To ensure consistent IP assignments and DNS resolution, VMs are configured with fixed MAC addresses, and the router maintains static DHCP leases:

VM Configuration (fixed MAC addresses):

# cluster/roles/gaming/templates/gaming-compat-live-vm.yaml.j2
interfaces:
- name: net0
  macAddress: "8A:D3:14:CA:21:7A"  # Fixed MAC for gaming-compat-live
  binding:
    name: managedtap

Router Configuration (static DHCP leases):

# network/roles/router/templates/network/dhcp.conf
# Gaming VMs static leases - from kubernetes_cluster vars
{% for vm in hostvars[groups['kubernetes_cluster'][0]].vms %}
{% if vm.mac is defined and vm.mac | length > 0 and 'XX' not in vm.mac.upper() %}
config host
    option name '{{ vm.name }}.vms.lab.x.y.z'
    option mac '{{ vm.mac }}'
    option ip '{{ vm.ip }}'
    option dns '1'
    option interface 'vlan26'
{% endif %}
{% endfor %}

Benefits:

  • Consistent IP assignments across VM reboots
  • Predictable DNS names (gaming.vms.lab.x.y.z, gaming-compat.vms.lab.x.y.z)
  • No need to look up IPs after each reboot
  • Router automatically assigns the correct IP based on MAC address

Challenge 3: Windows VM Configuration

Hyper-V Features

Windows 11 requires specific Hyper-V features to run properly in a VM:

features:
  kvm:
    hidden: true  # Hide KVM from guest
  hyperv:
    relaxed: {}
    vapic: {}
    spinlocks:
      spinlocks: 4096

The vendorId field was initially used but is not supported in KubeVirt v1.6.3.
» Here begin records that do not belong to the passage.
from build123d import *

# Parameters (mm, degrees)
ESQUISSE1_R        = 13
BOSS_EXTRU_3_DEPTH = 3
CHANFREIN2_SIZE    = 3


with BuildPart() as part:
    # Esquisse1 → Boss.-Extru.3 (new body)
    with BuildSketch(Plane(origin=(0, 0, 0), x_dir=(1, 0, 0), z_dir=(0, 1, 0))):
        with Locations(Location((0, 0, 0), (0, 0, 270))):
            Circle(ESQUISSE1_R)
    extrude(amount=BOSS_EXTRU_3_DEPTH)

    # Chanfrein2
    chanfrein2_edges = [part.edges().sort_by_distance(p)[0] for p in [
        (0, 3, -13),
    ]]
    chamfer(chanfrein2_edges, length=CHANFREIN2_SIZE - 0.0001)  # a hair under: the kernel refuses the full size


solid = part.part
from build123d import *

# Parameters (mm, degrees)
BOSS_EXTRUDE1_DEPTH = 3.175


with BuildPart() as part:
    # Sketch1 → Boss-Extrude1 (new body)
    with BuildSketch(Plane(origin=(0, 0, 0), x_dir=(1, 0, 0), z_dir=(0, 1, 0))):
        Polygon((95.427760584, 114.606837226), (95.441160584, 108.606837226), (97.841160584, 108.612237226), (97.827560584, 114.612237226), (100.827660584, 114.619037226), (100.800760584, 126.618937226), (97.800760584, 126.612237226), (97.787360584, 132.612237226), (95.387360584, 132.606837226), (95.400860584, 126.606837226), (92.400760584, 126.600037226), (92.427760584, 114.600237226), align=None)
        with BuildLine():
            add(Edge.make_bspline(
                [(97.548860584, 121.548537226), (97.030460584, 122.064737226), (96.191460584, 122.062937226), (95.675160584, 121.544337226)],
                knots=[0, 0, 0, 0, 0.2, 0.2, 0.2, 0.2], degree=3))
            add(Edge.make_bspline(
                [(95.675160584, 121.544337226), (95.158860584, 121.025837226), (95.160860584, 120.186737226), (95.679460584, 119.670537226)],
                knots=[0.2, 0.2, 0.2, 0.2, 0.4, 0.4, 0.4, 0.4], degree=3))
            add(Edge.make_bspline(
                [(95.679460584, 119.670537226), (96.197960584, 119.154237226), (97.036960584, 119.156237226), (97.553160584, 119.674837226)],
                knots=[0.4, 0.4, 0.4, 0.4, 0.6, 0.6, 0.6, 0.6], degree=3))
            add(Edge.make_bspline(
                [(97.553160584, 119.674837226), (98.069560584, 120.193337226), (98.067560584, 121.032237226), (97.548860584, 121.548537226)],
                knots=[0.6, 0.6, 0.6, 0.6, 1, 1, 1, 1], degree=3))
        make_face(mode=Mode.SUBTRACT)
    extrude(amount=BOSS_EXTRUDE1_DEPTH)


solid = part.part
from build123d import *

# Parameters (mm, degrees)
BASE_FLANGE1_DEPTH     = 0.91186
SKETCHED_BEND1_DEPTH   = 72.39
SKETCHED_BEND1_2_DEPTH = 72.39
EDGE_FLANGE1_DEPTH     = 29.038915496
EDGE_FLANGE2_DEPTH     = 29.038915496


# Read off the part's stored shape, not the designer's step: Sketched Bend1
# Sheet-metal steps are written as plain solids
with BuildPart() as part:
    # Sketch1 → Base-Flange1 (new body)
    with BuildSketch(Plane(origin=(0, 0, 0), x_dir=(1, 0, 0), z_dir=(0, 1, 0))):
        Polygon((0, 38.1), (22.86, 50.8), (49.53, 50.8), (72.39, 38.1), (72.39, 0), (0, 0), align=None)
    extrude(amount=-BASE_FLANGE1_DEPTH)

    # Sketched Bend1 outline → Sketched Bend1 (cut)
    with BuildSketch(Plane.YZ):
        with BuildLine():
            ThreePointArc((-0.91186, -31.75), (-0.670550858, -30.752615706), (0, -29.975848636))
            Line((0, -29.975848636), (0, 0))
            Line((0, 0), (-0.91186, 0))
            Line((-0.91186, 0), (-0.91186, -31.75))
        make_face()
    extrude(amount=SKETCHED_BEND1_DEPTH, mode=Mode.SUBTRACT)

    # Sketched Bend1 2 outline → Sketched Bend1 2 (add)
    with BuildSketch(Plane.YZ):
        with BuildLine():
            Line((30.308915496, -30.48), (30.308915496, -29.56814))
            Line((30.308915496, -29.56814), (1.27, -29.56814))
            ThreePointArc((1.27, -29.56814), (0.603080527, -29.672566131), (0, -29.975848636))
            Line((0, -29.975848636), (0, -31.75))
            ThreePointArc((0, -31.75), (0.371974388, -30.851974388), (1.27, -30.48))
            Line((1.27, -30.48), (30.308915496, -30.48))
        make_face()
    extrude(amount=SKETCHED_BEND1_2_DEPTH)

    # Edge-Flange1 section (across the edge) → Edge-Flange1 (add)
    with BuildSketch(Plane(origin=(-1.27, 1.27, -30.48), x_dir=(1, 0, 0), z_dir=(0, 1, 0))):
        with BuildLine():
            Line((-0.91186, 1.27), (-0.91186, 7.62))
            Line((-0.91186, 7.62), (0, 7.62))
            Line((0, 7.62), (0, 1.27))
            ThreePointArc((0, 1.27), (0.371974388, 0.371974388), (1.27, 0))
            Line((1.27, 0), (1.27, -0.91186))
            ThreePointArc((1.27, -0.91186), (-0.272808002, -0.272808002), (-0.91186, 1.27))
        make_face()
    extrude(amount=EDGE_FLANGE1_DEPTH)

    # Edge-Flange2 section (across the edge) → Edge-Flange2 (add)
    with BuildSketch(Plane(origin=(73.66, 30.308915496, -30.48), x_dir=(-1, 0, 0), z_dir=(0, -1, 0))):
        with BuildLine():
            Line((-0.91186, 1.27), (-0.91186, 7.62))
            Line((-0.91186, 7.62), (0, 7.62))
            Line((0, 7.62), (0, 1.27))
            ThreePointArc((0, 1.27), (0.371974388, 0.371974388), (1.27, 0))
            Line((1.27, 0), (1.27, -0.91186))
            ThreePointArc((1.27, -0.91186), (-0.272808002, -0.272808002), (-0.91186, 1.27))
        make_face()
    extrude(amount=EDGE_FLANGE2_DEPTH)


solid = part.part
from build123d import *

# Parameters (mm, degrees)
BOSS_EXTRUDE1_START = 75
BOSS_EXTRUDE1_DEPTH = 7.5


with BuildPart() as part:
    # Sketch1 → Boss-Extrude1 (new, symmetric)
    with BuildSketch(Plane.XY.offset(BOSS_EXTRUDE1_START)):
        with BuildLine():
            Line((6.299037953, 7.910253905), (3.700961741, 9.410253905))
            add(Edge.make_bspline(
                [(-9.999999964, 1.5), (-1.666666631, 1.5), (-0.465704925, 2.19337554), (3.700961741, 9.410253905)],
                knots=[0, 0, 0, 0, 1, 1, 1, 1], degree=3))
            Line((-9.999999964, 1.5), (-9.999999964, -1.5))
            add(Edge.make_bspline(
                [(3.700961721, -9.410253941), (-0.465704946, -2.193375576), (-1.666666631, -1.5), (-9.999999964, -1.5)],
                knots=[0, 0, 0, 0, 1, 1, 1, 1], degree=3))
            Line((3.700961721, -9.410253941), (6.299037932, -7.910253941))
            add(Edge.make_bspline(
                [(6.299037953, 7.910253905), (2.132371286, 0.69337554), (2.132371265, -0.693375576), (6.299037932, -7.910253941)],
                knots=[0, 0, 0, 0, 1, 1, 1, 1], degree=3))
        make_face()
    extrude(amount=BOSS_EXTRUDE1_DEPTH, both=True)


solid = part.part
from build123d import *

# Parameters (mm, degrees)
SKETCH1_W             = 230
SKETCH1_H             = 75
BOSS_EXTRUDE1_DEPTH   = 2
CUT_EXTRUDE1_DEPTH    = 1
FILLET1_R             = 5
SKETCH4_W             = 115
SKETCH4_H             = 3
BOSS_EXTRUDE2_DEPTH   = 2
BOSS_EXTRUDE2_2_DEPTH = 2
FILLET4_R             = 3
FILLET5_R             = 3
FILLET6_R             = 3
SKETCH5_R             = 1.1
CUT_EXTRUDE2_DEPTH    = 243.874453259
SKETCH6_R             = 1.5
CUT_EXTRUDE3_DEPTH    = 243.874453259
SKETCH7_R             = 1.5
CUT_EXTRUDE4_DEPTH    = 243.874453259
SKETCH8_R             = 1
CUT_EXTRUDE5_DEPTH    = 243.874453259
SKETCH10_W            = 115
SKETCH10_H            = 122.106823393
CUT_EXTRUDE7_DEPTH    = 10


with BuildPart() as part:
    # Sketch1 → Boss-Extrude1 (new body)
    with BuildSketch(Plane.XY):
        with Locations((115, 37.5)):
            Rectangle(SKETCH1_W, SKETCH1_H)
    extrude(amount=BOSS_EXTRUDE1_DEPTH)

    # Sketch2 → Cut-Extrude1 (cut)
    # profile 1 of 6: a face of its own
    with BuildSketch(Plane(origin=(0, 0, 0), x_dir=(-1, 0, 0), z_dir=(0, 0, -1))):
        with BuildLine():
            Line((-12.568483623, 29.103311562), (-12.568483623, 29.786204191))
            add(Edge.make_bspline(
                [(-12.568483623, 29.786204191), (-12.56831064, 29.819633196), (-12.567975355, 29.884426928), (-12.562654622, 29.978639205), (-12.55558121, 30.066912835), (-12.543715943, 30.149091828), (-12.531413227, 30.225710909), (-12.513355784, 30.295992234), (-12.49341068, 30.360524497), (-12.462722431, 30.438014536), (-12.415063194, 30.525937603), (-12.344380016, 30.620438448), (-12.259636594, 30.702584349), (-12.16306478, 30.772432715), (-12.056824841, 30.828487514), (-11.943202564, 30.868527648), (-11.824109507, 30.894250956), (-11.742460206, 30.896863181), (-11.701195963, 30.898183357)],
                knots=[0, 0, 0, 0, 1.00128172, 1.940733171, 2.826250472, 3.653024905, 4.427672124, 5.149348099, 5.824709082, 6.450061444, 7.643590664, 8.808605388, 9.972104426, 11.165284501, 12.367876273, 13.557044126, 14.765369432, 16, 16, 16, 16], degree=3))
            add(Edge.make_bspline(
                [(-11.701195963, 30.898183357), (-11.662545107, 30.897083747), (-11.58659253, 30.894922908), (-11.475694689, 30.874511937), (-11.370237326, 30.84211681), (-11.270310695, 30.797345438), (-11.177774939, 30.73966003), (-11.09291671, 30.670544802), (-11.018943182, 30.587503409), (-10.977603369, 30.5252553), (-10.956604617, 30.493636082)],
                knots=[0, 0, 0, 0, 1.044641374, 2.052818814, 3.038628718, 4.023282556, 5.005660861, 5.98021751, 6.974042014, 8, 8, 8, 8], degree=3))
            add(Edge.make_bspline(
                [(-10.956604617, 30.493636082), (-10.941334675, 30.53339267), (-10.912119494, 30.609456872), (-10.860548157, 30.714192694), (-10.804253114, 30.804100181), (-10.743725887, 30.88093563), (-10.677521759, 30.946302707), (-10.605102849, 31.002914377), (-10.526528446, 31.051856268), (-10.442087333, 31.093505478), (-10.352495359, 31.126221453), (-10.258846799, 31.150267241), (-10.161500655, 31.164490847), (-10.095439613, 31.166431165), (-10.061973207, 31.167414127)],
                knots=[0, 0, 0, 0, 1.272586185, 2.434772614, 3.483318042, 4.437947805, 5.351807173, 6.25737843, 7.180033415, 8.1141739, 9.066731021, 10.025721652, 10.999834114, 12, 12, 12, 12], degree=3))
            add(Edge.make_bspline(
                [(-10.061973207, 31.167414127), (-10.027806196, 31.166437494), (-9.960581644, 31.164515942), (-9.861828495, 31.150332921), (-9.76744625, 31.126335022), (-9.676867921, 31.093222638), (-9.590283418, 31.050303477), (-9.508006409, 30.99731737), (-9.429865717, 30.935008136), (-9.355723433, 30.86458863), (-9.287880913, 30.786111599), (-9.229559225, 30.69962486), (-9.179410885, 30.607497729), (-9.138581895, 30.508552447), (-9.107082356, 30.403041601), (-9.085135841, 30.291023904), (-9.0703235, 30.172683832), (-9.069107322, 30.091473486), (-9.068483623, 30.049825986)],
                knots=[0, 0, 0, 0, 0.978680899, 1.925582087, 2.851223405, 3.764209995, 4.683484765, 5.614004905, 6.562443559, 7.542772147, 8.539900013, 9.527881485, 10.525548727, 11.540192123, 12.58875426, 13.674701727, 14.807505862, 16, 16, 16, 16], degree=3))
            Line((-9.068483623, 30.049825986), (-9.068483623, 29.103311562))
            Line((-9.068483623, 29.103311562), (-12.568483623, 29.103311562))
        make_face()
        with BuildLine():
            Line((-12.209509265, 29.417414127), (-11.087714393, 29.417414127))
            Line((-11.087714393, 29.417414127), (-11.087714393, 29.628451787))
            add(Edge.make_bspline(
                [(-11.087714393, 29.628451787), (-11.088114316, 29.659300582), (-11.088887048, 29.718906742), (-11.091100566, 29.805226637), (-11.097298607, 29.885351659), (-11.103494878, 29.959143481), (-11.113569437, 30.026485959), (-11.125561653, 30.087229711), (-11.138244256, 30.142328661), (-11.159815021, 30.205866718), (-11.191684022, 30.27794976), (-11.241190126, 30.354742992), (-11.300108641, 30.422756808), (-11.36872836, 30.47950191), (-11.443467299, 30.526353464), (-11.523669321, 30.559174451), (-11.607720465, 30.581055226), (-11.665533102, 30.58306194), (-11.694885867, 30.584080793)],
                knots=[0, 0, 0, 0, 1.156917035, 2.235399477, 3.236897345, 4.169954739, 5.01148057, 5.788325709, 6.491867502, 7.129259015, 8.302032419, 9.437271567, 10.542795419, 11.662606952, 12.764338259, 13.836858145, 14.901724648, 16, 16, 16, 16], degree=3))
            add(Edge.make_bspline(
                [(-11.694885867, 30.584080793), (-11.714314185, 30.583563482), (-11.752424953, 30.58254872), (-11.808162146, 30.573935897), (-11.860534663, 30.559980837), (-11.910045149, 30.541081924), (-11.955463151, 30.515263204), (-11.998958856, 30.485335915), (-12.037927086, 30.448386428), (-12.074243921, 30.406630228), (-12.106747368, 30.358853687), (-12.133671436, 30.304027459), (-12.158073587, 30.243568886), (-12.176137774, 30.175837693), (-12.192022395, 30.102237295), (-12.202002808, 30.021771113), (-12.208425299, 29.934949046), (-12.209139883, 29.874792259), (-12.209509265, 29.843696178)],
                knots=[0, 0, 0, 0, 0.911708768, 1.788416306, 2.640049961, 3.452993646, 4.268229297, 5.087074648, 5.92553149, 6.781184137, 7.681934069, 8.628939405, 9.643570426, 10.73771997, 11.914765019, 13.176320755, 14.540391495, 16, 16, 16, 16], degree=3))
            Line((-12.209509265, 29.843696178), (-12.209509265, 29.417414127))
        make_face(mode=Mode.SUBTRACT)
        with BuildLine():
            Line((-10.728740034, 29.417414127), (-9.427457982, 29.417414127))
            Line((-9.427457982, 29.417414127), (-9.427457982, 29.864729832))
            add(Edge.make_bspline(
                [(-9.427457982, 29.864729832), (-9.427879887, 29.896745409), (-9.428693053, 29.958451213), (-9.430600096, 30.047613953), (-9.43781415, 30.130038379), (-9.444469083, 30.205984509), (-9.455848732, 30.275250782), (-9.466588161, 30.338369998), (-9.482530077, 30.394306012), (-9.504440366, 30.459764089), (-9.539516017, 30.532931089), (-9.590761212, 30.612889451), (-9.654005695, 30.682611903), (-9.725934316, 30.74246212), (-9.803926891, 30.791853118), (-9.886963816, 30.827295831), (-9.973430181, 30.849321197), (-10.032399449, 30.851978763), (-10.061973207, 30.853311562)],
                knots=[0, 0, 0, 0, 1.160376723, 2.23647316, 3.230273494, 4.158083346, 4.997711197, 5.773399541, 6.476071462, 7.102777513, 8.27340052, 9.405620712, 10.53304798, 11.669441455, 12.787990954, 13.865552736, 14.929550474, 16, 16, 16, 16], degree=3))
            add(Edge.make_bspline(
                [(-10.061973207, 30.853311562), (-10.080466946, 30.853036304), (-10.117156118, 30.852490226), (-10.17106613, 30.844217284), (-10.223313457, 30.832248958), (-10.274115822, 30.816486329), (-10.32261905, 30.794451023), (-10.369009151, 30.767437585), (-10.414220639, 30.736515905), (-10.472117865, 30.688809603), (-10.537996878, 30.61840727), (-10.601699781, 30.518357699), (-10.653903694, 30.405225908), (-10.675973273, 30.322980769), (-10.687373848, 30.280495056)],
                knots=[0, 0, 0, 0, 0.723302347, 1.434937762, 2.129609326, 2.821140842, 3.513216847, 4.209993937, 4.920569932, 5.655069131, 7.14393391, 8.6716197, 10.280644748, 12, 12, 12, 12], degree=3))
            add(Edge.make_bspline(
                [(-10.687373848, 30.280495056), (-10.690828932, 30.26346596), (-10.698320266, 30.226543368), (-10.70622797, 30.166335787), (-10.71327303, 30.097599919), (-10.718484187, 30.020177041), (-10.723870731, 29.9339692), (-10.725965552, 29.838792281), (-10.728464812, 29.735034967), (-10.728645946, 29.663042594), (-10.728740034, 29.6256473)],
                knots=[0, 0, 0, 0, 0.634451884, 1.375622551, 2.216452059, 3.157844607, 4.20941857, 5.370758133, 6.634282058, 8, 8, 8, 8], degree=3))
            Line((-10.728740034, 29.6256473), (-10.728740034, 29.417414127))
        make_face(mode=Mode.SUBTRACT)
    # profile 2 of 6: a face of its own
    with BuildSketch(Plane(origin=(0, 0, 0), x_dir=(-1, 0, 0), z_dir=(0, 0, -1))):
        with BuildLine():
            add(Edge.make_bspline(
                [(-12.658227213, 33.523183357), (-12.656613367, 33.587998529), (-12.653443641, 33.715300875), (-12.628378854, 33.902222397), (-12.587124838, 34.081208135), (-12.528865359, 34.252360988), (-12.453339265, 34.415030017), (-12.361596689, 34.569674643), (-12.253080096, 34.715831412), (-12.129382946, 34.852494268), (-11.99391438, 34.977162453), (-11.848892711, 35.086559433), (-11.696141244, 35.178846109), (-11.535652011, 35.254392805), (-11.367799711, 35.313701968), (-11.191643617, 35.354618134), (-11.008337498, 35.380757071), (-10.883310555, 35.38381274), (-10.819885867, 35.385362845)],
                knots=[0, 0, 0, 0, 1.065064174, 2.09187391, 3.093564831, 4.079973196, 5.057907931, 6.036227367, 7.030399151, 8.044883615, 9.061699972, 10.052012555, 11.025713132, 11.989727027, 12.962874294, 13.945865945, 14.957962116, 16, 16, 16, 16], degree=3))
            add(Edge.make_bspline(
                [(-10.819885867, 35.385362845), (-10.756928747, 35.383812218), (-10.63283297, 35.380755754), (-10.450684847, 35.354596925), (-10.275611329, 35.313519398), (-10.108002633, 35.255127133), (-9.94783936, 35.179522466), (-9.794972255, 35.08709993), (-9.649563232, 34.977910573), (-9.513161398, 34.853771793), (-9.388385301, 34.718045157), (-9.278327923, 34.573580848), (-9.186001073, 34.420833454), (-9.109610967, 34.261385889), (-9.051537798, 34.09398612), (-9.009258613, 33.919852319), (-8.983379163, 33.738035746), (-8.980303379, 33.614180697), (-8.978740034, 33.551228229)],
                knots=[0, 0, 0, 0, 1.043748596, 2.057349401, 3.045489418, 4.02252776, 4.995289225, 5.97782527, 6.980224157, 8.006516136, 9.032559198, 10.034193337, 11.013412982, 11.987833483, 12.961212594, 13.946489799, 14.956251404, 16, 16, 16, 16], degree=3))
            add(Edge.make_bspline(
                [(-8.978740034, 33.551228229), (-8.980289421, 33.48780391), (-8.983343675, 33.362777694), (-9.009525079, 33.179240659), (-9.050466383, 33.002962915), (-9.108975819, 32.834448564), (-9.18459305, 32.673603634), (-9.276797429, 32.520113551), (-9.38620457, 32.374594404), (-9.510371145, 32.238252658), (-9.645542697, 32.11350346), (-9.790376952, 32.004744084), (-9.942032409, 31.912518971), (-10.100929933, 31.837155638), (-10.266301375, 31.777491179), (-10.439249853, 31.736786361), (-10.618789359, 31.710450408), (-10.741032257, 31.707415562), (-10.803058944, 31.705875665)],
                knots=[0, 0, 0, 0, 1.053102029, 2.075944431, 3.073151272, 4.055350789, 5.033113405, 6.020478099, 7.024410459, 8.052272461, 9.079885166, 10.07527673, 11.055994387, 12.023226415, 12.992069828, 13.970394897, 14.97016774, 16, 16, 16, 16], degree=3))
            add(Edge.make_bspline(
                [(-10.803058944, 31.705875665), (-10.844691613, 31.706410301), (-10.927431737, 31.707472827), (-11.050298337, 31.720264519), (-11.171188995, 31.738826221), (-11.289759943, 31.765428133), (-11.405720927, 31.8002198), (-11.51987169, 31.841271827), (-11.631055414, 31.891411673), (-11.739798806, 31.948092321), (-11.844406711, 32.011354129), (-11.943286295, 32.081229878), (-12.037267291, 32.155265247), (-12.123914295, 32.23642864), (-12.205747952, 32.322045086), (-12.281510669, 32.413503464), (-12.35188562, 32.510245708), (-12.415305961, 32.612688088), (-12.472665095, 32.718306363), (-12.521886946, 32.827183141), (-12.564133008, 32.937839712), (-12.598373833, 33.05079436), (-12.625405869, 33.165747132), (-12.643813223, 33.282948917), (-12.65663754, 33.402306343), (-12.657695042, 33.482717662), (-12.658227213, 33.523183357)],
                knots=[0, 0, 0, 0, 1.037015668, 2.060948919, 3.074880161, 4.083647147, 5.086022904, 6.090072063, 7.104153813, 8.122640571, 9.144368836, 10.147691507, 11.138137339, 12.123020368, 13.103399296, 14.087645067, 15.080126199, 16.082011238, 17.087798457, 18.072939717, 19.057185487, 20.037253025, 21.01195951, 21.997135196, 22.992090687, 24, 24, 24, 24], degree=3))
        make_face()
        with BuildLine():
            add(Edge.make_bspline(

Disk Bus Types: SATA vs VirtIO

Windows doesn’t include virtio drivers by default, which creates a challenge:

Maintenance Mode (Installation):

  • Uses bus: sata for system and data disks
  • Windows installer can see disks without additional drivers
  • Easier installation process

Live Mode (Performance):

  • Uses bus: virtio for system and data disks
  • Requires virtio drivers to be installed in Windows
  • Better performance than SATA

Boot Order Management:

  • When ISO is attached: ISO gets bootOrder: 1, system disk gets bootOrder: 2
  • When ISO is detached: System disk gets bootOrder: 1
  • This is handled automatically by the iso.sh script

VirtIO Driver Installation:

  • Download virtio-win ISO from Fedora Project
  • Attach as second CD-ROM during Windows installation
  • Load drivers when Windows installer can’t see disks
  • Or install drivers after Windows is installed (then switch to virtio)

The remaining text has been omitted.